_WHAT IS NEEDED_.
Write the listing out again word for word, skipping each picture.

_RECORDS TO PROCESS_.
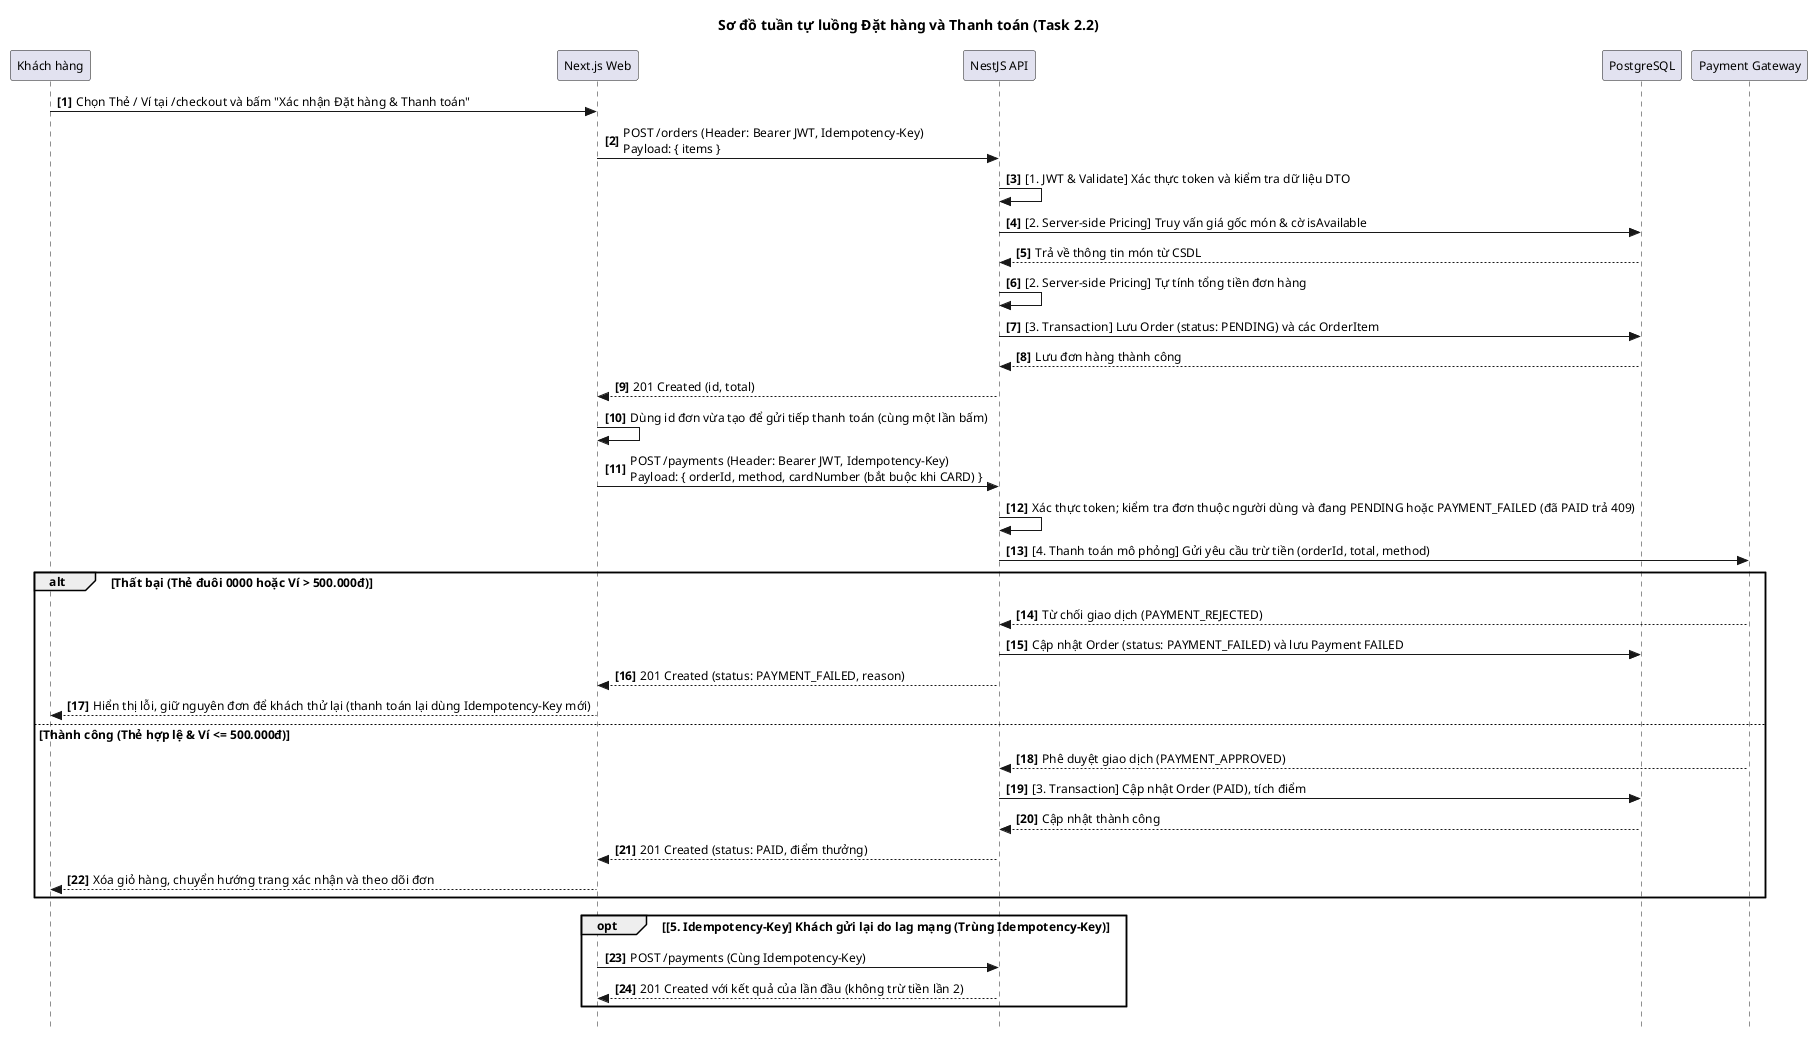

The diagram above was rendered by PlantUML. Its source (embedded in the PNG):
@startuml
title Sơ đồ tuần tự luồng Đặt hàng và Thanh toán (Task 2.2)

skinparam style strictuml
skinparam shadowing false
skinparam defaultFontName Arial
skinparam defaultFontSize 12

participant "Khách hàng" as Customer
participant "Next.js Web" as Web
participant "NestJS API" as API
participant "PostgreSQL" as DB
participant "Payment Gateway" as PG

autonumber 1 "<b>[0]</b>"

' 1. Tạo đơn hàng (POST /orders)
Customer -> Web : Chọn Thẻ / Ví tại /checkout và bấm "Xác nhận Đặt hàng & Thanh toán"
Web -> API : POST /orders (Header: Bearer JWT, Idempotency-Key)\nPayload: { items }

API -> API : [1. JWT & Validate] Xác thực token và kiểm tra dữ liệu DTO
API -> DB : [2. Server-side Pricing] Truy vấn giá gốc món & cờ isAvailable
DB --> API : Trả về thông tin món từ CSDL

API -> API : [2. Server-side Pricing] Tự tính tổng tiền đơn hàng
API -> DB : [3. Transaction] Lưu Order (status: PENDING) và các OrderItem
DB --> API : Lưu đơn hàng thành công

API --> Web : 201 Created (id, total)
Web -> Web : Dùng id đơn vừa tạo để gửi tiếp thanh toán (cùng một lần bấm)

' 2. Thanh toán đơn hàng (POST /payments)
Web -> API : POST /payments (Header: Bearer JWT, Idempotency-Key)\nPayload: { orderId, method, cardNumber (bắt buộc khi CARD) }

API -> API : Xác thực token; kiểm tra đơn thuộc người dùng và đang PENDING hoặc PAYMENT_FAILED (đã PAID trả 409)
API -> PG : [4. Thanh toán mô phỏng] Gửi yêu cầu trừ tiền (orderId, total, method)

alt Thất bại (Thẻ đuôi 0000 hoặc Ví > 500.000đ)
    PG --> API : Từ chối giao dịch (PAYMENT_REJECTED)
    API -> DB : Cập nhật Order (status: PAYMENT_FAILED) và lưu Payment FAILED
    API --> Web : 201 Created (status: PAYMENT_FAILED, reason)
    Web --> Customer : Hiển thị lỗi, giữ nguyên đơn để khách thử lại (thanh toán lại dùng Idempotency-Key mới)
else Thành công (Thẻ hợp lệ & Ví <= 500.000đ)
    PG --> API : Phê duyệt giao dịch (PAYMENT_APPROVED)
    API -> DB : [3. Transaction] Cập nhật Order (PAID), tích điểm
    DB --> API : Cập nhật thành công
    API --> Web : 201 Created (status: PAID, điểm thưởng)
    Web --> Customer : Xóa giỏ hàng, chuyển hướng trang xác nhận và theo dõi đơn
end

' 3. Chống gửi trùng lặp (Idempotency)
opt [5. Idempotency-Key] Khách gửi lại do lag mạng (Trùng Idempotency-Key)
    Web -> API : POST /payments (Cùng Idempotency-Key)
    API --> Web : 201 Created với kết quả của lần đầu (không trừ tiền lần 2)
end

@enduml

_TASK RESULT_.
The diagram above was rendered by PlantUML. Its source (embedded in the PNG):
@startuml
title Sơ đồ tuần tự luồng Đặt hàng và Thanh toán (Task 2.2)

skinparam style strictuml
skinparam shadowing false
skinparam defaultFontName Arial
skinparam defaultFontSize 12

participant "Khách hàng" as Customer
participant "Next.js Web" as Web
participant "NestJS API" as API
participant "PostgreSQL" as DB
participant "Payment Gateway" as PG

autonumber 1 "<b>[0]</b>"

' 1. Tạo đơn hàng (POST /orders)
Customer -> Web : Chọn Thẻ / Ví tại /checkout và bấm "Xác nhận Đặt hàng & Thanh toán"
Web -> API : POST /orders (Header: Bearer JWT, Idempotency-Key)\nPayload: { items }

API -> API : [1. JWT & Validate] Xác thực token và kiểm tra dữ liệu DTO
API -> DB : [2. Server-side Pricing] Truy vấn giá gốc món & cờ isAvailable
DB --> API : Trả về thông tin món từ CSDL

API -> API : [2. Server-side Pricing] Tự tính tổng tiền đơn hàng
API -> DB : [3. Transaction] Lưu Order (status: PENDING) và các OrderItem
DB --> API : Lưu đơn hàng thành công

API --> Web : 201 Created (id, total)
Web -> Web : Dùng id đơn vừa tạo để gửi tiếp thanh toán (cùng một lần bấm)

' 2. Thanh toán đơn hàng (POST /payments)
Web -> API : POST /payments (Header: Bearer JWT, Idempotency-Key)\nPayload: { orderId, method, cardNumber (bắt buộc khi CARD) }

API -> API : Xác thực token; kiểm tra đơn thuộc người dùng và đang PENDING hoặc PAYMENT_FAILED (đã PAID trả 409)
API -> PG : [4. Thanh toán mô phỏng] Gửi yêu cầu trừ tiền (orderId, total, method)

alt Thất bại (Thẻ đuôi 0000 hoặc Ví > 500.000đ)
    PG --> API : Từ chối giao dịch (PAYMENT_REJECTED)
    API -> DB : Cập nhật Order (status: PAYMENT_FAILED) và lưu Payment FAILED
    API --> Web : 201 Created (status: PAYMENT_FAILED, reason)
    Web --> Customer : Hiển thị lỗi, giữ nguyên đơn để khách thử lại (thanh toán lại dùng Idempotency-Key mới)
else Thành công (Thẻ hợp lệ & Ví <= 500.000đ)
    PG --> API : Phê duyệt giao dịch (PAYMENT_APPROVED)
    API -> DB : [3. Transaction] Cập nhật Order (PAID), tích điểm
    DB --> API : Cập nhật thành công
    API --> Web : 201 Created (status: PAID, điểm thưởng)
    Web --> Customer : Xóa giỏ hàng, chuyển hướng trang xác nhận và theo dõi đơn
end

' 3. Chống gửi trùng lặp (Idempotency)
opt [5. Idempotency-Key] Khách gửi lại do lag mạng (Trùng Idempotency-Key)
    Web -> API : POST /payments (Cùng Idempotency-Key)
    API --> Web : 201 Created với kết quả của lần đầu (không trừ tiền lần 2)
end

@enduml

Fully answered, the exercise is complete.